→ Task to carry out
Pick each line containing the word "BuildPart" out of the data below.

→ Given information
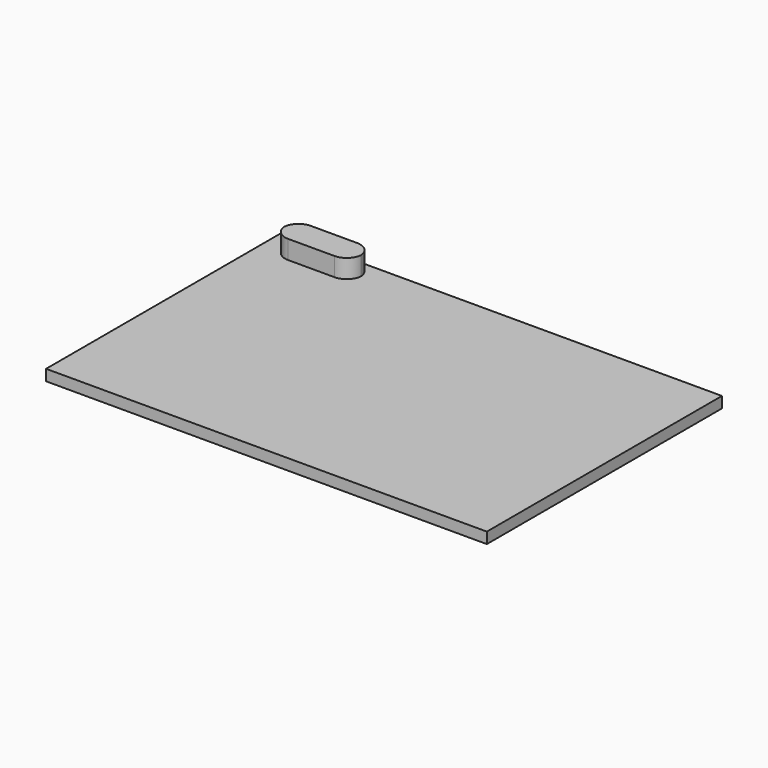
from build123d import *

# Parameters (mm, degrees)
F0_W        = 60
F0_H        = 1.5
F1_DEPTH    = 20
F2_W        = 10.4806274176
F2_H        = 3.8417847827
F3_DEPTH    = 2.54
F4_T1_DEPTH = 7.7522870812


# Not quite as in the source:
# - a fillet or chamfer that OpenCascade refuses, or shapes differently, is made with other operations: its cross-section is extruded or revolved along the edge and cut away or added


with BuildPart() as f1:
    # F0 (on Front) → F1 (new body, symmetric)
    with BuildSketch(Plane.XZ):
        Rectangle(F0_W, F0_H)
    extrude(amount=F1_DEPTH, both=True)

    # F2 (on face) → F3 (join)
    with BuildSketch(Plane.XY.offset(0.75)):
        with Locations((-22.3847124726, 17.5385358743)):
            Rectangle(F2_W, F2_H)
    extrude(amount=F3_DEPTH)

    # F4: fillet of radius 2.0849148325 on 4 edges, made by hand

    # F4_s2 → F4_t1 (cut)
    with BuildSketch(Plane.XY.offset(0.75)):
        with BuildLine():
            ThreePointArc((-27.6250261813, 17.7025583154), (-27.0143687651, 16.2283008992), (-25.5401113489, 15.617643483))
            Line((-25.5401113489, 15.617643483), (-27.6250261813, 15.617643483))
            Line((-27.6250261813, 15.617643483), (-27.6250261813, 17.7025583154))
        make_face()
        with BuildLine():
            ThreePointArc((-25.5401113489, 19.4594282657), (-27.0143687651, 18.8487708495), (-27.6250261813, 17.3745134332))
            Line((-27.6250261813, 17.3745134332), (-27.6250261813, 19.4594282657))
            Line((-27.6250261813, 19.4594282657), (-25.5401113489, 19.4594282657))
        make_face()
        with BuildLine():
            ThreePointArc((-19.2293135962, 15.617643483), (-17.75505618, 16.2283008992), (-17.1443987638, 17.7025583154))
            Line((-17.1443987638, 17.7025583154), (-17.1443987638, 15.617643483))
            Line((-17.1443987638, 15.617643483), (-19.2293135962, 15.617643483))
        make_face()
        with BuildLine():
            ThreePointArc((-19.2293135962, 19.4594282657), (-17.75505618, 18.8487708495), (-17.1443987638, 17.3745134332))
            Line((-17.1443987638, 17.3745134332), (-17.1443987638, 19.4594282657))
            Line((-17.1443987638, 19.4594282657), (-19.2293135962, 19.4594282657))
        make_face()
    extrude(amount=F4_T1_DEPTH, mode=Mode.SUBTRACT)


solid = f1.part
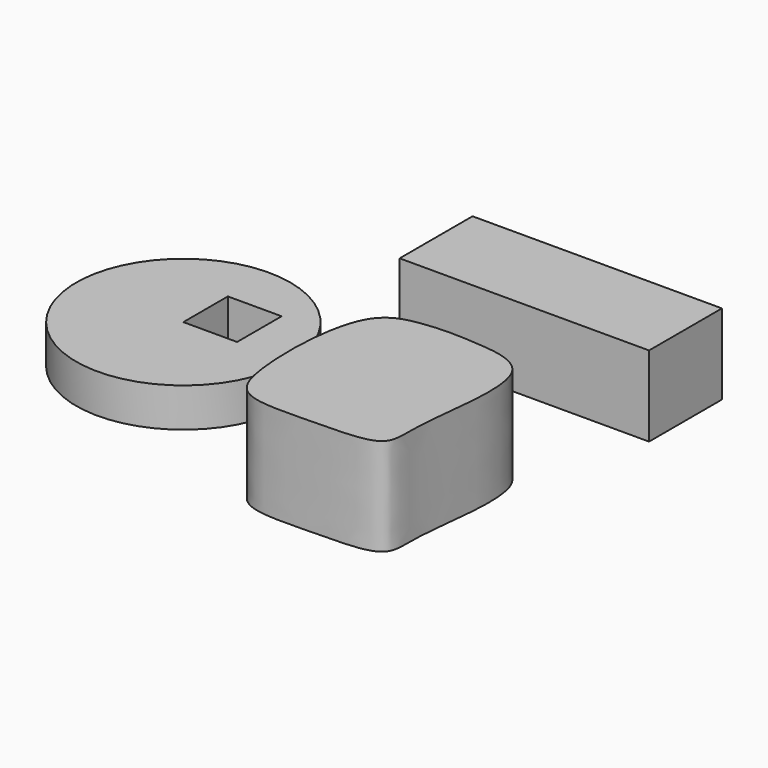
from build123d import *

# Parameters (mm, degrees)
F0_R     = 27.5
F0_W     = 13.7990014628
F0_H     = 14.2831781413
F1_DEPTH = 10
F2_W     = 63.9963464346
F2_H     = 23.3759097755
F3_DEPTH = 20.6
F9_DEPTH = 25


# Not quite as in the source:
# - the program builds the solid bodies; features that only make, move or delete a surface that nothing else refers to are left out


with BuildPart() as f1:
    # F0 (on Top) → F1 (new body)
    with BuildSketch(Plane.XY):
        with Locations((-25.5402568728, -16.2198804319)):
            Circle(F0_R)
        with Locations((-18.6407561414, -9.0782913612)):
            Rectangle(F0_W, F0_H, mode=Mode.SUBTRACT)
    extrude(amount=F1_DEPTH)


with BuildPart() as f3:
    # F2 (on Top) → F3 (new body)
    with BuildSketch(Plane.XY):
        with Locations((35.7344887452, 28.2618608326)):
            Rectangle(F2_W, F2_H)
    extrude(amount=F3_DEPTH)


with BuildPart() as f9:
    # F8 (on Top) → F9 (new body)
    with BuildSketch(Plane.XY):
        with BuildLine():
            add(Edge.make_bspline(
                [(29.4114947319, -9.4844894484), (26.3729347773, -9.9669040751), (16.9003945389, -12.2701929719), (16.0041992708, -44.345029821), (20.4782764199, -56.2412922253), (33.4595990445, -56.5220444535), (42.7791961025, -56.2278149781), (58.6401072937, -55.9435785579), (56.2352878094, -43.6996249686), (63.1171554107, -11.1002415527), (44.9569815233, -9.169865832), (36.6510831635, -8.7693531278), (31.9583329877, -9.0801426378), (29.4114947319, -9.4844894484)],
                knots=[0, 0, 0, 0, 0.0794581558, 0.2159553788, 0.3009189779, 0.3832422311, 0.4650488142, 0.5531355725, 0.6332820157, 0.7689335211, 0.8600368102, 0.9334003364, 1, 1, 1, 1], degree=3))
        make_face()
    extrude(amount=F9_DEPTH)


solid = Compound([f1.part, f3.part, f9.part])
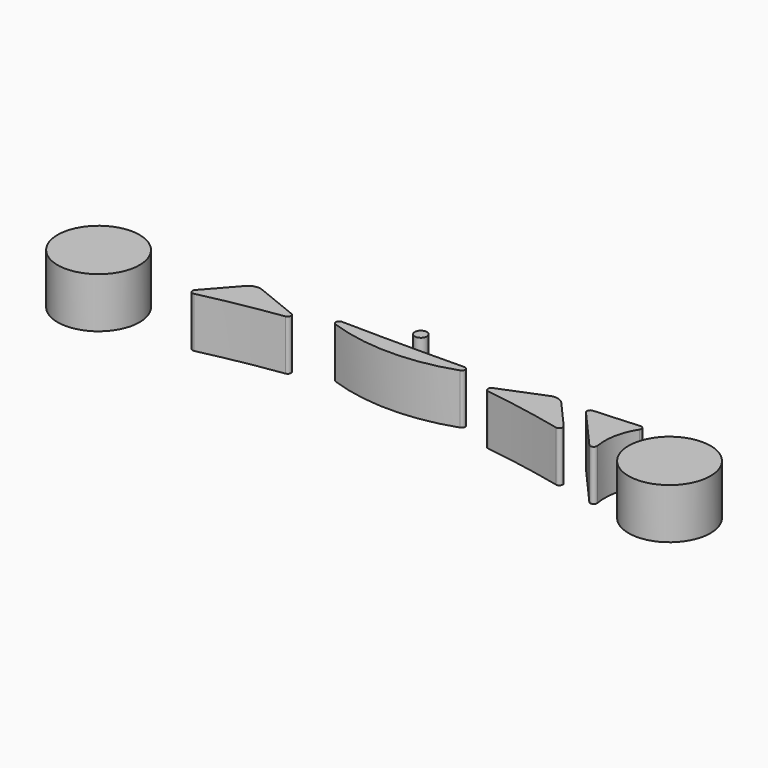
from build123d import *

# Parameters (mm, degrees)
F0_R     = 20.6756
F1_DEPTH = 25.4
F0_R_2   = 3.0734


# Not quite as in the source:
# - ends of sketch curves that miss each other by under 0.0002 mm in the source are joined
# - a feature of the source that left no trace in its solid (it failed there, or was rolled back) is left out


with BuildPart() as f1:
    # F0 (on Top) → F1 (new body)
    with BuildSketch(Plane.XY):
        Circle(F0_R)
    extrude(amount=F1_DEPTH)


with BuildPart() as f1b:
    # F0 (on Top) → F1, piece 2 (new body)
    with BuildSketch(Plane.XY):
        with Locations((288.0868, 0)):
            Circle(F0_R)
    extrude(amount=F1_DEPTH)


with BuildPart() as f1c:
    # F0 (on Top) → F1, piece 3 (new body)
    with BuildSketch(Plane.XY):
        with BuildLine():
            Line((64.3141716, 12.1225818), (51.0722372, -2.9026612))
            ThreePointArc((51.0722372, -2.9026612), (50.886637197, -4.8983229131), (52.7293898046, -5.6865968893))
            ThreePointArc((52.7293898046, -5.6865968893), (72.7281380064, -1.5489138472), (92.885832563, 1.728361878))
            ThreePointArc((92.885832563, 1.728361878), (94.3380072647, 3.2062647833), (93.2864207732, 4.9914536905))
            Line((93.2864207732, 4.9914536905), (71.4569801787, 13.8116269873))
            ThreePointArc((71.4569801787, 13.8116269873), (67.6168206872, 14.1036419642), (64.3141716, 12.1225818))
        make_face()
    extrude(amount=F1_DEPTH)


with BuildPart() as f1d:
    # F0 (on Top) → F1, piece 4 (new body)
    with BuildSketch(Plane.XY):
        with BuildLine():
            ThreePointArc((235.3574089318, -5.6866037007), (237.2001615394, -4.8983297245), (237.0145615364, -2.9026680114))
            Line((237.0145615364, -2.9026680114), (223.7726271364, 12.1225749886))
            ThreePointArc((223.7726271364, 12.1225749886), (220.4699709207, 14.1036432413), (216.6298123513, 13.8116286368))
            Line((216.6298123513, 13.8116286368), (194.8003724, 4.9914556))
            ThreePointArc((194.8003724, 4.9914556), (193.7487857413, 3.2062666252), (195.2008776796, 1.7283753619))
            ThreePointArc((195.2008776796, 1.7283753619), (215.3585722363, -1.5489003634), (235.3574089318, -5.6866037007))
        make_face()
    extrude(amount=F1_DEPTH)


with BuildPart() as f1e:
    # F0 (on Top) → F1, piece 5 (new body)
    with BuildSketch(Plane.XY):
        with BuildLine():
            ThreePointArc((260.5652400713, 16.0522893388), (249.1287669286, 15.2867037282), (237.6874855708, 14.596689118))
            ThreePointArc((237.6874855708, 14.596689118), (236.2140385559, 13.5536732496), (236.5075745699, 11.7724475997))
            Line((236.5075745699, 11.7724475997), (254.9323832, -9.1336622))
            ThreePointArc((254.9323832, -9.1336622), (256.947957492, -9.5415132252), (257.8846881323, -7.7108254055))
            ThreePointArc((257.8846881323, -7.7108254055), (258.0038440306, 3.2617628688), (262.1165200814, 13.4351540637))
            ThreePointArc((262.1165200814, 13.4351540637), (262.1484797054, 15.2224111463), (260.5652400713, 16.0522893388))
        make_face()
    extrude(amount=F1_DEPTH)


with BuildPart() as f1f:
    # F0 (on Top) → F1, piece 6 (new body)
    with BuildSketch(Plane.XY):
        with BuildLine():
            ThreePointArc((174.8717102393, 12.0594991546), (144.0434, 11.7855877651), (113.2150897607, 12.0594991546))
            ThreePointArc((113.2150897607, 12.0594991546), (111.5097977558, 10.6584288913), (112.6218159145, 8.7520098426))
            ThreePointArc((112.6218159145, 8.7520098426), (144.0434, 3.403589621), (175.4649807504, 8.7520086732))
            ThreePointArc((175.4649807504, 8.7520086732), (176.5770022442, 10.6584288913), (174.8717102393, 12.0594991546))
        make_face()
    extrude(amount=F1_DEPTH)


with BuildPart() as f1g:
    # F0 (on Top) → F1, piece 7 (new body)
    with BuildSketch(Plane.XY):
        with Locations((144.0434, 23.1902)):
            Circle(F0_R_2)
    extrude(amount=F1_DEPTH)


solid = Compound([f1.part, f1b.part, f1c.part, f1d.part, f1e.part, f1f.part, f1g.part])

→ Reply
with BuildPart() as f1:
with BuildPart() as f1:
with BuildPart() as f3:
with BuildPart() as f9:
with BuildPart() as f1:
with BuildPart() as f1b:
with BuildPart() as f1c:
with BuildPart() as f1d:
with BuildPart() as f1e:
with BuildPart() as f1f:
with BuildPart() as f1g:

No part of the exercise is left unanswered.